Abstract: There is a growing interest in implementing reform-based lab courses in undergraduate physics that are student-driven rather than instructor-driven. In these courses, students develop and carry out experiments while simultaneously reasoning about their hypotheses, data collection procedures, collected evidence, and the relevant physics content. However, there is a limited understanding of how students engage in reasoning in these types of labs. At the University of Utah, a collaboration among faculty from the Department of Physics & Astronomy, School of Biological Sciences, and Department of Educational Psychology has implemented a series of reforms to our Algebra-based introductory physics lab courses that enroll a preponderance of biology majors and pre-health students. In our reform-based Introductory Physics for Life Sciences (IPLS) labs, we have implemented 3-dimensional (3D) instruction, and our undergraduates engage in semi-autonomous experimentation with a focus on analyzing and interpreting data. Within this setting, we have used the theoretical framework of sensemaking to examine the moment-by-moment details of students’ reasoning about a series of conceptual and procedural inconsistencies. We focus on what the inconsistencies are about and how students resolve them using a narrative case study analysis approach of a single group whose sensemaking is largely representative of the observed data corpus. Overall, we find that student sensemaking about conceptual and procedural inconsistencies is generally productive, given students’ resolutions and experimental progress. Capturing detailed sensemaking about inconsistencies highlights the richness of students’ reasoning processes in this understudied learning environment that is becoming more prevalent over time.
Bio:
Lauren Barth-Cohen (Ph.D. Science and Math Education, University of California, Berkeley) is an Associate Professor in the Department of Educational Psychology at the University of Utah.
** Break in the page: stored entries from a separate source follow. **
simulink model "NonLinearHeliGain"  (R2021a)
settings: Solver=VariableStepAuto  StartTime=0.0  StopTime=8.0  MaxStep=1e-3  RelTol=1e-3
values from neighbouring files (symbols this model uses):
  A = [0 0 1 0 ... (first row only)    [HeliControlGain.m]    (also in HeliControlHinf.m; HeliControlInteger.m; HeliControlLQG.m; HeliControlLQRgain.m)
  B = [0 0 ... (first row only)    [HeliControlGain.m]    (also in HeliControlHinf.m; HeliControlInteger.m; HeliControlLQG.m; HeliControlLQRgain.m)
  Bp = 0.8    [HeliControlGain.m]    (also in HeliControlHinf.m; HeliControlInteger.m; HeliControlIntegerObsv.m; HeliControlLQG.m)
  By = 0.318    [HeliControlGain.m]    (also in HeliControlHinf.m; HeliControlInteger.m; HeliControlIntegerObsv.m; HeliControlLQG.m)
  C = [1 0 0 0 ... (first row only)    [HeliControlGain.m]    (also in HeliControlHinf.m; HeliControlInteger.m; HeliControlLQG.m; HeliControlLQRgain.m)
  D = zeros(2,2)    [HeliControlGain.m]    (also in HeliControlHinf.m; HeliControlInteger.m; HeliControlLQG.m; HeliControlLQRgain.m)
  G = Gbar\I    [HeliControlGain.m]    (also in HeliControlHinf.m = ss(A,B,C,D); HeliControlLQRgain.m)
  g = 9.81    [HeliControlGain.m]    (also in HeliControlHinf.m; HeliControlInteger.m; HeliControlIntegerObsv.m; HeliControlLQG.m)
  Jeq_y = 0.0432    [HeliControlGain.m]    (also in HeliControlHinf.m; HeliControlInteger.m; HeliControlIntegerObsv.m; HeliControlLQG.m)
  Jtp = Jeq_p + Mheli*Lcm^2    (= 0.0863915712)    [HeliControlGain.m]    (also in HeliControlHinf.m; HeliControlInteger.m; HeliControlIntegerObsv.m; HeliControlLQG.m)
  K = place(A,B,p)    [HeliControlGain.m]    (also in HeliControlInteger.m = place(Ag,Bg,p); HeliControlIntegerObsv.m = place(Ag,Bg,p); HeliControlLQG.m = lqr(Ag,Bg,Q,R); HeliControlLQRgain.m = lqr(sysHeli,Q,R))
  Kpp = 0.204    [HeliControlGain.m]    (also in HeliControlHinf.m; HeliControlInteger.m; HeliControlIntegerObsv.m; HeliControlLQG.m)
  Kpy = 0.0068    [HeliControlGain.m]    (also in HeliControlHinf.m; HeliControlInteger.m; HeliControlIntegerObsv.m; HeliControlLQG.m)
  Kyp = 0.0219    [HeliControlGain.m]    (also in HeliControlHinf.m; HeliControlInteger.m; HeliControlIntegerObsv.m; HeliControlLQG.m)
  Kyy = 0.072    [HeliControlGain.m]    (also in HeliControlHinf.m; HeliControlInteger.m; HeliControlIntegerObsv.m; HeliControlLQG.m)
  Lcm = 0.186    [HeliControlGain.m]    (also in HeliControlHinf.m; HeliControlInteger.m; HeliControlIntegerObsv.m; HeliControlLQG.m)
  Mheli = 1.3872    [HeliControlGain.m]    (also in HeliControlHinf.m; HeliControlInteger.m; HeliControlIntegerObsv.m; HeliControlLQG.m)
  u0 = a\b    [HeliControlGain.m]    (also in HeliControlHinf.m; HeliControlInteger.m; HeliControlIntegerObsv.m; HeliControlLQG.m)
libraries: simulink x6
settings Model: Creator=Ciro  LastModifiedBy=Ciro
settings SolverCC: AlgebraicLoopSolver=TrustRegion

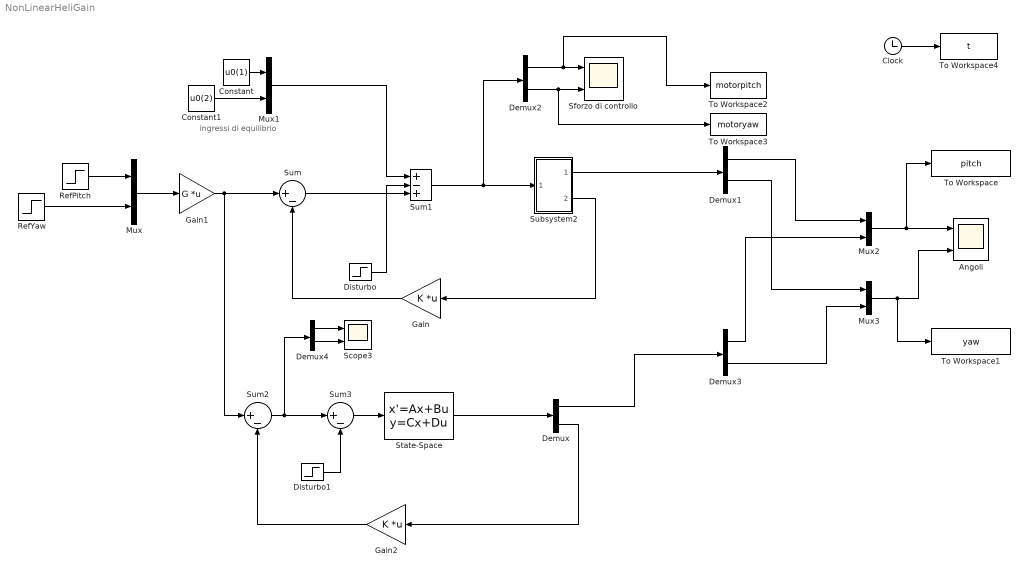
== system NonLinearHeliGain ==
  note: ingressi di equilibrio
  Angoli : Scope  NumInputPorts=2
  Clock : Clock
  Constant : Constant  Value=u0(1)
  Constant1 : Constant  Value=u0(2)
  Demux : Demux  Outputs=[2 4]
  Demux{1..4} (4 alike) : Demux  Outputs=2
  Disturbo : Step  Time=7  After=0  SampleTime=0
  Disturbo1 : Step  Time=7  After=0  SampleTime=0
  Gain : Gain  Gain=K  Multiplication=Matrix(K*u)
  Gain1 : Gain  Gain=G  Multiplication=Matrix(K*u)
  Gain2 : Gain  Gain=K  Multiplication=Matrix(K*u)
  Mux{,1..3} (4 alike) : Mux  Inputs=2
  RefPitch : Step  After=0.3  SampleTime=0
  RefYaw : Step  After=0.3  SampleTime=0
  Scope3 : Scope  NumInputPorts=2
  Sforzo di controllo : Scope  NumInputPorts=2
  State-Space : StateSpace  A=A  B=B  C=[C;eye(4)]  D=[D;zeros(4,2)]  InitialCondition=[0;0;0;0]
  Subsystem2 : Subsystem
  Sum : Sum  Inputs=|+-
  Sum1 : Sum  Inputs=+-+
  Sum2 : Sum  Inputs=|+-
  Sum3 : Sum  Inputs=|+-
  To Workspace : ToWorkspace  VariableName=pitch  SampleTime=-1
      settings: Save2DSignal=2-D array (concatenate along first dimension)
  To Workspace1 : ToWorkspace  VariableName=yaw  SampleTime=-1
      settings: Save2DSignal=2-D array (concatenate along first dimension)
  To Workspace2 : ToWorkspace  VariableName=motorpitch  SampleTime=-1
      settings: Save2DSignal=2-D array (concatenate along first dimension)
  To Workspace3 : ToWorkspace  VariableName=motoryaw  SampleTime=-1
      settings: Save2DSignal=2-D array (concatenate along first dimension)
  To Workspace4 : ToWorkspace  VariableName=t  SampleTime=-1
      settings: Save2DSignal=2-D array (concatenate along first dimension)
  wires:
  RefYaw/1 -> Mux/2
  Gain/1 -> Sum/2
  Mux/1 -> Gain1/1
  Demux2/1 -> To Workspace2/1, Sforzo di controllo/1
  Demux1/2 -> Mux3/1
  RefPitch/1 -> Mux/1
  Demux1/1 -> Mux2/1
  Demux2/2 -> To Workspace3/1, Sforzo di controllo/2
  Constant/1 -> Mux1/1
  Constant1/1 -> Mux1/2
  Gain1/1 -> Sum2/1, Sum/1
  Demux/1 -> Demux3/1
  Sum2/1 -> Sum3/1, Demux4/1
  State-Space/1 -> Demux/1
  Gain2/1 -> Sum2/2
  Demux4/1 -> Scope3/1
  Demux/2 -> Gain2/1
  Demux3/1 -> Mux2/2
  Mux2/1 -> To Workspace/1, Angoli/1
  Demux3/2 -> Mux3/2
  Mux3/1 -> To Workspace1/1, Angoli/2
  Subsystem2/1(Out1) -> Demux1/1
  Subsystem2/2(Out2) -> Gain/1
  Demux4/2 -> Scope3/2
  Sum/1 -> Sum1/3
  Mux1/1 -> Sum1/1
  Sum1/1 -> Subsystem2/1(In1), Demux2/1
  Clock/1 -> To Workspace4/1
  Disturbo/1 -> Sum1/2
  Disturbo1/1 -> Sum3/2
  Sum3/1 -> State-Space/1

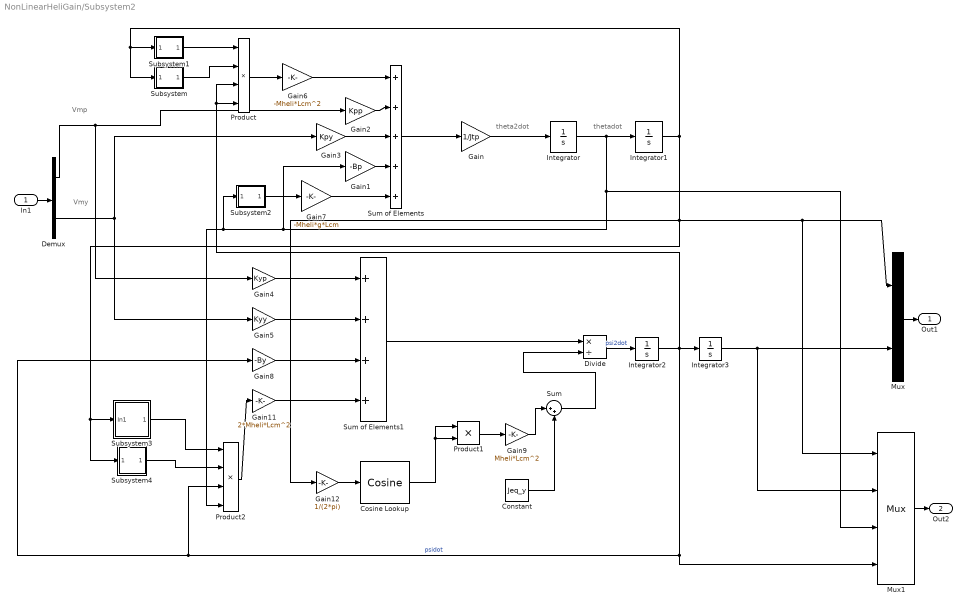
== system NonLinearHeliGain/Subsystem2 ==
  note: theta2dot
  note: thetadot
  note: Vmy
  note: Vmp
  In1 : Inport
  Constant : Constant  Value=Jeq_y
  Cosine Lookup : simulink/Lookup Tables/Cosine  Formula=cos(2*pi*u)  NumDataPoints=(2^5)+1  OutputWordLength=16  InternalRulePriority=Speed
      settings: SourceProductBaseCode=SL
  Demux : Demux  Outputs=2
  Divide : Product  Inputs=*/
  Gain : Gain  Gain=1/Jtp
  Gain1 : Gain  Gain=-Bp
  Gain11 : Gain  Gain=2*Mheli*Lcm^2
  Gain12 : Gain  Gain=1/(2*pi)
  Gain2 : Gain  Gain=Kpp
  Gain3 : Gain  Gain=Kpy
  Gain4 : Gain  Gain=Kyp
  Gain5 : Gain  Gain=Kyy
  Gain6 : Gain  Gain=-Mheli*Lcm^2
  Gain7 : Gain  Gain=-Mheli*g*Lcm
  Gain8 : Gain  Gain=-By
  Gain9 : Gain  Gain=Mheli*Lcm^2
  Integrator{,1..3} (4 alike) : Integrator
  Mux : Mux  Inputs=2
  Mux1 : Mux
  Product : Product  Inputs=4
  Product1 : Product
  Product2 : Product  Inputs=4
  Subsystem : Subsystem
  Subsystem1 : Subsystem
  Subsystem2 : Subsystem
  Subsystem3 : Subsystem
  Subsystem4 : Subsystem
  Sum : Sum  Inputs=|++
  Sum of Elements : Sum  Inputs=+++++
  Sum of Elements1 : Sum  Inputs=++++
  Out1 : Outport
  Out2 : Outport  Port=2
  wires:
  Gain5/1 -> Sum of Elements1/2
  Gain9/1 -> Sum/1
  In1/1 -> Demux/1
  Product1/1 -> Gain9/1
  Subsystem1/1(sin(2*pi*u)) -> Product/1
  Gain3/1 -> Sum of Elements/3
  Gain6/1 -> Sum of Elements/1
  Subsystem/1(cos(2*pi*u)) -> Product/2
  Constant/1 -> Sum/2
  Subsystem4/1(sin(2*pi*u)) -> Product2/2
  Mux1/1 -> Out2/1
  Gain12/1 -> Cosine Lookup/1
  Gain2/1 -> Sum of Elements/2
  Sum of Elements1/1 -> Divide/1
  Cosine Lookup/1 -> Product1/1, Product1/2
  Divide/1 -> Integrator2/1  "psi2dot"
  Gain11/1 -> Sum of Elements1/4
  Mux/1 -> Out1/1
  Gain4/1 -> Sum of Elements1/1
  Gain8/1 -> Sum of Elements1/3
  Product/1 -> Gain6/1
  Gain7/1 -> Sum of Elements/5
  Integrator3/1 -> Mux/2, Mux1/2
  Demux/1 -> Gain2/1, Gain4/1
  Demux/2 -> Gain3/1, Gain5/1
  Subsystem2/1(cos(2*pi*u)) -> Gain7/1
  Integrator2/1 -> Integrator3/1, Product2/3, Gain8/1, Mux1/4, Product/3, Product/4  "psidot"
  Gain/1 -> Integrator/1
  Sum/1 -> Divide/2
  Sum of Elements/1 -> Gain/1
  Gain1/1 -> Sum of Elements/4
  Integrator1/1 -> Subsystem1/1(In1), Subsystem/1(In1), Gain12/1, Mux/1, Mux1/1, Subsystem3/1(In1), Subsystem4/1(In1)
  Product2/1 -> Gain11/1
  Integrator/1 -> Integrator1/1, Subsystem2/1(In1), Product2/4, Gain1/1, Mux1/3
  Subsystem3/1(cos(2*pi*u)) -> Product2/1

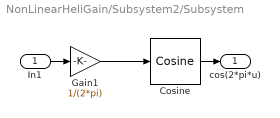
== system NonLinearHeliGain/Subsystem2/Subsystem ==
  In1 : Inport
  Cosine : simulink/Lookup Tables/Cosine  Formula=cos(2*pi*u)  NumDataPoints=(2^5)+1  OutputWordLength=16  InternalRulePriority=Speed
      settings: SourceProductBaseCode=SL
  Gain1 : Gain  Gain=1/(2*pi)
  cos(2*pi*u) : Outport
  wires:
  Cosine/1 -> cos(2*pi*u)/1
  In1/1 -> Gain1/1
  Gain1/1 -> Cosine/1

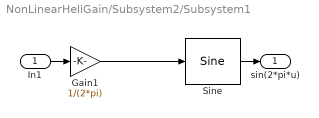
== system NonLinearHeliGain/Subsystem2/Subsystem1 ==
  In1 : Inport
  Gain1 : Gain  Gain=1/(2*pi)
  Sine : simulink/Lookup Tables/Sine  Formula=sin(2*pi*u)  NumDataPoints=(2^5)+1  OutputWordLength=16  InternalRulePriority=Speed
  sin(2*pi*u) : Outport
  wires:
  Sine/1 -> sin(2*pi*u)/1
  In1/1 -> Gain1/1
  Gain1/1 -> Sine/1

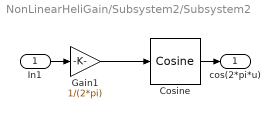
== system NonLinearHeliGain/Subsystem2/Subsystem2 ==
  In1 : Inport
  Cosine : simulink/Lookup Tables/Cosine  Formula=cos(2*pi*u)  NumDataPoints=(2^5)+1  OutputWordLength=16  InternalRulePriority=Speed
      settings: SourceProductBaseCode=SL
  Gain1 : Gain  Gain=1/(2*pi)
  cos(2*pi*u) : Outport
  wires:
  Gain1/1 -> Cosine/1
  In1/1 -> Gain1/1
  Cosine/1 -> cos(2*pi*u)/1

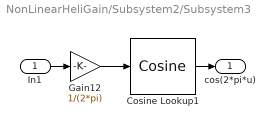
== system NonLinearHeliGain/Subsystem2/Subsystem3 ==
  In1 : Inport
  Cosine Lookup1 : simulink/Lookup Tables/Cosine  Formula=cos(2*pi*u)  NumDataPoints=(2^5)+1  OutputWordLength=16  InternalRulePriority=Speed
      settings: SourceProductBaseCode=SL
  Gain12 : Gain  Gain=1/(2*pi)
  cos(2*pi*u) : Outport
  wires:
  Cosine Lookup1/1 -> cos(2*pi*u)/1
  In1/1 -> Gain12/1
  Gain12/1 -> Cosine Lookup1/1

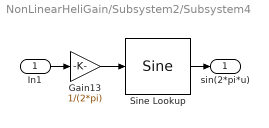
== system NonLinearHeliGain/Subsystem2/Subsystem4 ==
  In1 : Inport
  Gain13 : Gain  Gain=1/(2*pi)
  Sine Lookup : simulink/Lookup Tables/Sine  Formula=sin(2*pi*u)  NumDataPoints=(2^5)+1  OutputWordLength=16  InternalRulePriority=Speed
  sin(2*pi*u) : Outport
  wires:
  In1/1 -> Gain13/1
  Sine Lookup/1 -> sin(2*pi*u)/1
  Gain13/1 -> Sine Lookup/1

She also holds an Adjunct Associate Professor position in the Department of Physics & Astronomy. Dr. Barth-Cohen holds a BA in Physics from Smith College and previously held a post-doctoral position at the University of Maine and a Research Faculty position at the University of Miami. Her expertise is in Science Education, and her work cuts across the Learning Sciences and Physics Education Research (PER). Her research focuses on student and teacher learning in the physical sciences. Her work has received over three million in funding from the National Science Foundation. She is on sabbatical during the '24-'25 academic year and currently based at Uppsala University in Uppsala Sweden.